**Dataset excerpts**

+ + + +

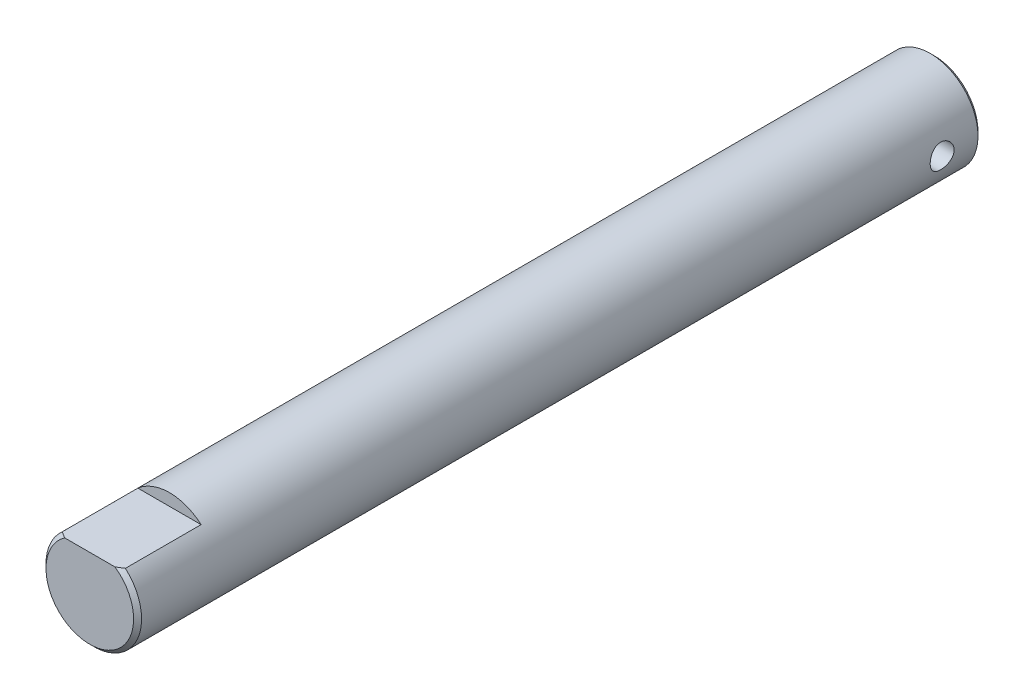
ISO-10303-21;
HEADER;
FILE_DESCRIPTION(('STEP AP214'),'2;1');
FILE_NAME('part.step','',(''),(''),'','','');
FILE_SCHEMA(('AUTOMOTIVE_DESIGN { 1 0 10303 214 1 1 1 1 }'));
ENDSEC;
DATA;
#1=APPLICATION_CONTEXT('core data for automotive mechanical design processes');
#2=APPLICATION_PROTOCOL_DEFINITION('international standard','automotive_design',2000,#1);
#3=PRODUCT_CONTEXT('',#1,'mechanical');
#4=PRODUCT('Part','Part','',(#3));
#5=PRODUCT_RELATED_PRODUCT_CATEGORY('part','',(#4));
#6=PRODUCT_DEFINITION_FORMATION('','',#4);
#7=PRODUCT_DEFINITION_CONTEXT('part definition',#1,'design');
#8=PRODUCT_DEFINITION('design','',#6,#7);
#9=PRODUCT_DEFINITION_SHAPE('','',#8);
#10=(LENGTH_UNIT() NAMED_UNIT(*) SI_UNIT(.MILLI.,.METRE.));
#11=(NAMED_UNIT(*) PLANE_ANGLE_UNIT() SI_UNIT($,.RADIAN.));
#12=(NAMED_UNIT(*) SI_UNIT($,.STERADIAN.) SOLID_ANGLE_UNIT());
#13=UNCERTAINTY_MEASURE_WITH_UNIT(LENGTH_MEASURE(1.E-05),#10,'distance_accuracy_value','');
#14=(GEOMETRIC_REPRESENTATION_CONTEXT(3) GLOBAL_UNCERTAINTY_ASSIGNED_CONTEXT((#13)) GLOBAL_UNIT_ASSIGNED_CONTEXT((#10,
#11,#12)) REPRESENTATION_CONTEXT('',''));
#15=CARTESIAN_POINT('',(0.,0.,0.));
#16=DIRECTION('',(0.,0.,1.));
#17=DIRECTION('',(1.,0.,0.));
#18=AXIS2_PLACEMENT_3D('',#15,#16,#17);
#19=CARTESIAN_POINT('',(0.,0.,106.));
#20=DIRECTION('',(0.,0.,-1.));
#21=DIRECTION('',(-1.,0.,0.));
#22=AXIS2_PLACEMENT_3D('',#19,#20,#21);
#23=CYLINDRICAL_SURFACE('',#22,6.);
#24=CARTESIAN_POINT('',(-6.,0.,3.5));
#25=CARTESIAN_POINT('',(-5.99999859868013,0.0828760886697311,3.50000232573816));
#26=CARTESIAN_POINT('',(-5.99826578131828,0.165778157830763,3.50689155077379));
#27=CARTESIAN_POINT('',(-5.99152113829892,0.329206323770532,3.53422515130701));
#28=CARTESIAN_POINT('',(-5.98650745419968,0.409731046870739,3.55467720953785));
#29=CARTESIAN_POINT('',(-5.9737562633204,0.566020872182577,3.60843925346209));
#30=CARTESIAN_POINT('',(-5.96602202842087,0.641791563430003,3.64173379871528));
#31=CARTESIAN_POINT('',(-5.94865343807593,0.786672131904426,3.72018139004483));
#32=CARTESIAN_POINT('',(-5.9390190185405,0.855781784348759,3.76533483611894));
#33=CARTESIAN_POINT('',(-5.91867413591801,0.986801927300919,3.86720078965421));
#34=CARTESIAN_POINT('',(-5.90794707148533,1.04855569006107,3.92411157495918));
#35=CARTESIAN_POINT('',(-5.8867362011753,1.1617489272033,4.04745220490892));
#36=CARTESIAN_POINT('',(-5.87625242288348,1.21318723694913,4.1138831229465));
#37=CARTESIAN_POINT('',(-5.8565477569971,1.30502654279903,4.25559522673744));
#38=CARTESIAN_POINT('',(-5.84734794470605,1.34525221592536,4.3309932308104));
#39=CARTESIAN_POINT('',(-5.83149494812223,1.41239690855053,4.48774841165836));
#40=CARTESIAN_POINT('',(-5.82484135672789,1.43931805543933,4.56910463332576));
#41=CARTESIAN_POINT('',(-5.81500476717551,1.47855483680429,4.73374349820247));
#42=CARTESIAN_POINT('',(-5.81175491075426,1.49115226833334,4.8169548960498));
#43=CARTESIAN_POINT('',(-5.80889362537741,1.50226177506785,4.98436856901398));
#44=CARTESIAN_POINT('',(-5.80928160448644,1.50077614181798,5.06857068069861));
#45=CARTESIAN_POINT('',(-5.81359205496618,1.48398652463928,5.23341580774448));
#46=CARTESIAN_POINT('',(-5.81742863001879,1.46901834019052,5.3140956214651));
#47=CARTESIAN_POINT('',(-5.82806709676484,1.42622418690311,5.47176105091129));
#48=CARTESIAN_POINT('',(-5.83486919970697,1.39839730206942,5.54874640302898));
#49=CARTESIAN_POINT('',(-5.85075113904187,1.33038947793715,5.69773801625207));
#50=CARTESIAN_POINT('',(-5.85985327469421,1.29008666723291,5.76968617178955));
#51=CARTESIAN_POINT('',(-5.87929710846386,1.19835627601495,5.90591870975684));
#52=CARTESIAN_POINT('',(-5.88963902334735,1.14692674880884,5.97020174806725));
#53=CARTESIAN_POINT('',(-5.91075880539781,1.03266342468122,6.0912036156944));
#54=CARTESIAN_POINT('',(-5.92154069477971,0.96954625816586,6.14765449006135));
#55=CARTESIAN_POINT('',(-5.94205965578786,0.8346119175037,6.2492212424639));
#56=CARTESIAN_POINT('',(-5.95179669549415,0.762794477707944,6.29433677426356));
#57=CARTESIAN_POINT('',(-5.96917732094183,0.612115888681392,6.37205058622438));
#58=CARTESIAN_POINT('',(-5.97681360127725,0.533231393208623,6.40460534025443));
#59=CARTESIAN_POINT('',(-5.98907916991419,0.370876008142883,6.45591730570957));
#60=CARTESIAN_POINT('',(-5.99370903339281,0.287405999150485,6.47467715641814));
#61=CARTESIAN_POINT('',(-5.99935499271375,0.120539970390027,6.49745756555884));
#62=CARTESIAN_POINT('',(-6.00046053508279,0.0371967199882104,6.5018430260753));
#63=CARTESIAN_POINT('',(-5.99918804814451,-0.129032874801507,6.49675099794451));
#64=CARTESIAN_POINT('',(-5.99681033241847,-0.211919259644595,6.48727475720087));
#65=CARTESIAN_POINT('',(-5.98889581127357,-0.373614268776491,6.45502909160862));
#66=CARTESIAN_POINT('',(-5.98340634185811,-0.452465118968754,6.43245873652301));
#67=CARTESIAN_POINT('',(-5.96988706634134,-0.605257292452511,6.37489291597155));
#68=CARTESIAN_POINT('',(-5.96185700369892,-0.679198119032634,6.33989619568683));
#69=CARTESIAN_POINT('',(-5.94393307926311,-0.821523134429846,6.25776387112527));
#70=CARTESIAN_POINT('',(-5.93400867366932,-0.889785441835829,6.21042388760324));
#71=CARTESIAN_POINT('',(-5.91344509187419,-1.01752661364324,6.10521009120303));
#72=CARTESIAN_POINT('',(-5.90280579251705,-1.07700395897301,6.04733446038309));
#73=CARTESIAN_POINT('',(-5.88168956960771,-1.18699056807273,5.92099803915554));
#74=CARTESIAN_POINT('',(-5.87122304187281,-1.23724386762203,5.85231229699758));
#75=CARTESIAN_POINT('',(-5.85192878377239,-1.3255107590127,5.70726736553428));
#76=CARTESIAN_POINT('',(-5.84310098067026,-1.36352489415794,5.63090851704025));
#77=CARTESIAN_POINT('',(-5.82818094734665,-1.42595142060929,5.47309427758692));
#78=CARTESIAN_POINT('',(-5.82207255291906,-1.45044439665406,5.39167237165599));
#79=CARTESIAN_POINT('',(-5.81326744090184,-1.48534565995378,5.22569036211089));
#80=CARTESIAN_POINT('',(-5.81056997719936,-1.49575702747866,5.14113094896751));
#81=CARTESIAN_POINT('',(-5.80894901203957,-1.50203859033399,4.9738789761448));
#82=CARTESIAN_POINT('',(-5.80991932728264,-1.49831789778012,4.89120256487527));
#83=CARTESIAN_POINT('',(-5.81527909007843,-1.47737727831287,4.72769611133202));
#84=CARTESIAN_POINT('',(-5.81966846891857,-1.46015762268677,4.64686603198635));
#85=CARTESIAN_POINT('',(-5.83131260682723,-1.41293131944279,4.48979154093459));
#86=CARTESIAN_POINT('',(-5.8385501523631,-1.38300140468038,4.41352269475979));
#87=CARTESIAN_POINT('',(-5.85507755724829,-1.31126491360507,4.26703461728631));
#88=CARTESIAN_POINT('',(-5.86436770120773,-1.26945669003419,4.19681622681308));
#89=CARTESIAN_POINT('',(-5.88425634263512,-1.17386774863714,4.06244537099798));
#90=CARTESIAN_POINT('',(-5.89488264831757,-1.11980316291225,3.99849892657604));
#91=CARTESIAN_POINT('',(-5.91608027246286,-1.00178937118974,3.88045295520459));
#92=CARTESIAN_POINT('',(-5.9266515772706,-0.937837821261145,3.82635576988703));
#93=CARTESIAN_POINT('',(-5.94677655647663,-0.80046758670259,3.72858869143539));
#94=CARTESIAN_POINT('',(-5.95630833365868,-0.726898422316387,3.68512538632842));
#95=CARTESIAN_POINT('',(-5.97304924975118,-0.573266059510477,3.61125253705947));
#96=CARTESIAN_POINT('',(-5.98026005199781,-0.49320756343674,3.58083363935146));
#97=CARTESIAN_POINT('',(-5.99048059565542,-0.344410253243472,3.53842816967035));
#98=CARTESIAN_POINT('',(-5.99402585052691,-0.276380170908068,3.52404875694657));
#99=CARTESIAN_POINT('',(-5.99878605231948,-0.138906071536283,3.50483405637806));
#100=CARTESIAN_POINT('',(-6.00000117450894,-0.0694621612426163,3.4999980506947));
#101=CARTESIAN_POINT('',(-6.,0.,3.5));
#102=B_SPLINE_CURVE_WITH_KNOTS('',3,(#24,#25,#26,#27,#28,#29,#30,#31,#32,#33,#34,#35,#36,#37,
#38,#39,#40,#41,#42,#43,#44,#45,#46,#47,#48,#49,#50,#51,#52,#53,#54,#55,#56,#57,#58,#59,#60,#61,
#62,#63,#64,#65,#66,#67,#68,#69,#70,#71,#72,#73,#74,#75,#76,#77,#78,#79,#80,#81,#82,#83,#84,#85,
#86,#87,#88,#89,#90,#91,#92,#93,#94,#95,#96,#97,#98,#99,#100,#101),.UNSPECIFIED.,.T.,.F.,(4,2,2,
2,2,2,2,2,2,2,2,2,2,2,2,2,2,2,2,2,2,2,2,2,2,2,2,2,2,2,2,2,2,2,2,2,2,2,4),(0.,0.24837371247189,
0.496888237763899,0.745104902286106,0.993329940169328,1.24614435437139,1.49898729580062,
1.75558647545807,2.01214461169368,2.2635629509943,2.51494038112697,2.76022497007018,
3.00552703466038,3.25330527873879,3.50112690836162,3.75601500969019,4.01091089558247,
4.26668229009114,4.52240473688642,4.77158308949276,5.02073901112743,5.26620274514037,
5.5116912732229,5.76153587565352,6.01142363008019,6.26744509204476,6.52345518749508,
6.77792254614036,7.03233423252407,7.27943780398612,7.52653640956034,7.77216400559447,
8.01782568136901,8.2698957640991,8.52202569770417,8.77872185499587,9.0352336382135,
9.24342242942149,9.45159556043039),.UNSPECIFIED.);
#103=CARTESIAN_POINT('',(-6.,0.,3.5));
#104=VERTEX_POINT('',#103);
#105=EDGE_CURVE('E11',#104,#104,#102,.T.);
#106=ORIENTED_EDGE('',*,*,#105,.T.);
#107=EDGE_LOOP('',(#106));
#108=FACE_BOUND('',#107,.T.);
#109=CARTESIAN_POINT('',(6.,0.,3.5));
#110=CARTESIAN_POINT('',(5.99999859868012,-0.0828760886697311,3.50000232573816));
#111=CARTESIAN_POINT('',(5.99826578131828,-0.165778157830763,3.50689155077379));
#112=CARTESIAN_POINT('',(5.99152113829892,-0.329206323770533,3.53422515130701));
#113=CARTESIAN_POINT('',(5.98650745419968,-0.409731046870739,3.55467720953785));
#114=CARTESIAN_POINT('',(5.9737562633204,-0.566020872182577,3.60843925346209));
#115=CARTESIAN_POINT('',(5.96602202842087,-0.641791563430003,3.64173379871528));
#116=CARTESIAN_POINT('',(5.94865343807593,-0.786672131904426,3.72018139004483));
#117=CARTESIAN_POINT('',(5.9390190185405,-0.855781784348759,3.76533483611894));
#118=CARTESIAN_POINT('',(5.91867413591801,-0.986801927300919,3.86720078965421));
#119=CARTESIAN_POINT('',(5.90794707148533,-1.04855569006107,3.92411157495918));
#120=CARTESIAN_POINT('',(5.8867362011753,-1.1617489272033,4.04745220490892));
#121=CARTESIAN_POINT('',(5.87625242288348,-1.21318723694913,4.1138831229465));
#122=CARTESIAN_POINT('',(5.8565477569971,-1.30502654279903,4.25559522673744));
#123=CARTESIAN_POINT('',(5.84734794470605,-1.34525221592536,4.3309932308104));
#124=CARTESIAN_POINT('',(5.83149494812223,-1.41239690855053,4.48774841165836));
#125=CARTESIAN_POINT('',(5.82484135672789,-1.43931805543933,4.56910463332576));
#126=CARTESIAN_POINT('',(5.81500476717551,-1.47855483680429,4.73374349820247));
#127=CARTESIAN_POINT('',(5.81175491075426,-1.49115226833334,4.8169548960498));
#128=CARTESIAN_POINT('',(5.80889362537741,-1.50226177506785,4.98436856901398));
#129=CARTESIAN_POINT('',(5.80928160448644,-1.50077614181798,5.06857068069861));
#130=CARTESIAN_POINT('',(5.81359205496618,-1.48398652463928,5.23341580774448));
#131=CARTESIAN_POINT('',(5.81742863001879,-1.46901834019052,5.3140956214651));
#132=CARTESIAN_POINT('',(5.82806709676484,-1.42622418690311,5.47176105091129));
#133=CARTESIAN_POINT('',(5.83486919970696,-1.39839730206942,5.54874640302898));
#134=CARTESIAN_POINT('',(5.85075113904187,-1.33038947793715,5.69773801625207));
#135=CARTESIAN_POINT('',(5.85985327469421,-1.29008666723291,5.76968617178955));
#136=CARTESIAN_POINT('',(5.87929710846386,-1.19835627601495,5.90591870975684));
#137=CARTESIAN_POINT('',(5.88963902334735,-1.14692674880884,5.97020174806725));
#138=CARTESIAN_POINT('',(5.91075880539781,-1.03266342468122,6.0912036156944));
#139=CARTESIAN_POINT('',(5.92154069477971,-0.96954625816586,6.14765449006135));
#140=CARTESIAN_POINT('',(5.94205965578786,-0.8346119175037,6.2492212424639));
#141=CARTESIAN_POINT('',(5.95179669549415,-0.762794477707944,6.29433677426356));
#142=CARTESIAN_POINT('',(5.96917732094183,-0.612115888681392,6.37205058622438));
#143=CARTESIAN_POINT('',(5.97681360127725,-0.533231393208623,6.40460534025443));
#144=CARTESIAN_POINT('',(5.98907916991419,-0.370876008142883,6.45591730570957));
#145=CARTESIAN_POINT('',(5.99370903339281,-0.287405999150485,6.47467715641814));
#146=CARTESIAN_POINT('',(5.99935499271375,-0.120539970390028,6.49745756555884));
#147=CARTESIAN_POINT('',(6.00046053508279,-0.0371967199882106,6.5018430260753));
#148=CARTESIAN_POINT('',(5.99918804814451,0.129032874801507,6.49675099794451));
#149=CARTESIAN_POINT('',(5.99681033241847,0.211919259644594,6.48727475720087));
#150=CARTESIAN_POINT('',(5.98889581127357,0.373614268776491,6.45502909160862));
#151=CARTESIAN_POINT('',(5.98340634185811,0.452465118968754,6.43245873652301));
#152=CARTESIAN_POINT('',(5.96988706634134,0.605257292452511,6.37489291597155));
#153=CARTESIAN_POINT('',(5.96185700369892,0.679198119032634,6.33989619568683));
#154=CARTESIAN_POINT('',(5.94393307926311,0.821523134429847,6.25776387112527));
#155=CARTESIAN_POINT('',(5.93400867366932,0.88978544183583,6.21042388760324));
#156=CARTESIAN_POINT('',(5.91344509187419,1.01752661364325,6.10521009120303));
#157=CARTESIAN_POINT('',(5.90280579251705,1.07700395897301,6.04733446038309));
#158=CARTESIAN_POINT('',(5.88168956960771,1.18699056807273,5.92099803915553));
#159=CARTESIAN_POINT('',(5.87122304187281,1.23724386762203,5.85231229699758));
#160=CARTESIAN_POINT('',(5.85192878377239,1.3255107590127,5.70726736553428));
#161=CARTESIAN_POINT('',(5.84310098067026,1.36352489415794,5.63090851704025));
#162=CARTESIAN_POINT('',(5.82818094734665,1.42595142060929,5.47309427758692));
#163=CARTESIAN_POINT('',(5.82207255291906,1.45044439665406,5.39167237165599));
#164=CARTESIAN_POINT('',(5.81326744090184,1.48534565995378,5.22569036211089));
#165=CARTESIAN_POINT('',(5.81056997719936,1.49575702747866,5.14113094896751));
#166=CARTESIAN_POINT('',(5.80894901203957,1.50203859033399,4.9738789761448));
#167=CARTESIAN_POINT('',(5.80991932728264,1.49831789778012,4.89120256487527));
#168=CARTESIAN_POINT('',(5.81527909007843,1.47737727831287,4.72769611133202));
#169=CARTESIAN_POINT('',(5.81966846891857,1.46015762268677,4.64686603198635));
#170=CARTESIAN_POINT('',(5.83131260682723,1.41293131944279,4.48979154093459));
#171=CARTESIAN_POINT('',(5.8385501523631,1.38300140468038,4.41352269475979));
#172=CARTESIAN_POINT('',(5.85507755724829,1.31126491360507,4.26703461728631));
#173=CARTESIAN_POINT('',(5.86436770120773,1.26945669003419,4.19681622681309));
#174=CARTESIAN_POINT('',(5.88425634263512,1.17386774863714,4.06244537099798));
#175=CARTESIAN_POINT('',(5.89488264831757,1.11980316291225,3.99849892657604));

+ + + +

Isolate the lines above that contain the word "mechanical" and copy them.

#1=APPLICATION_CONTEXT('core data for automotive mechanical design processes');
#3=PRODUCT_CONTEXT('',#1,'mechanical');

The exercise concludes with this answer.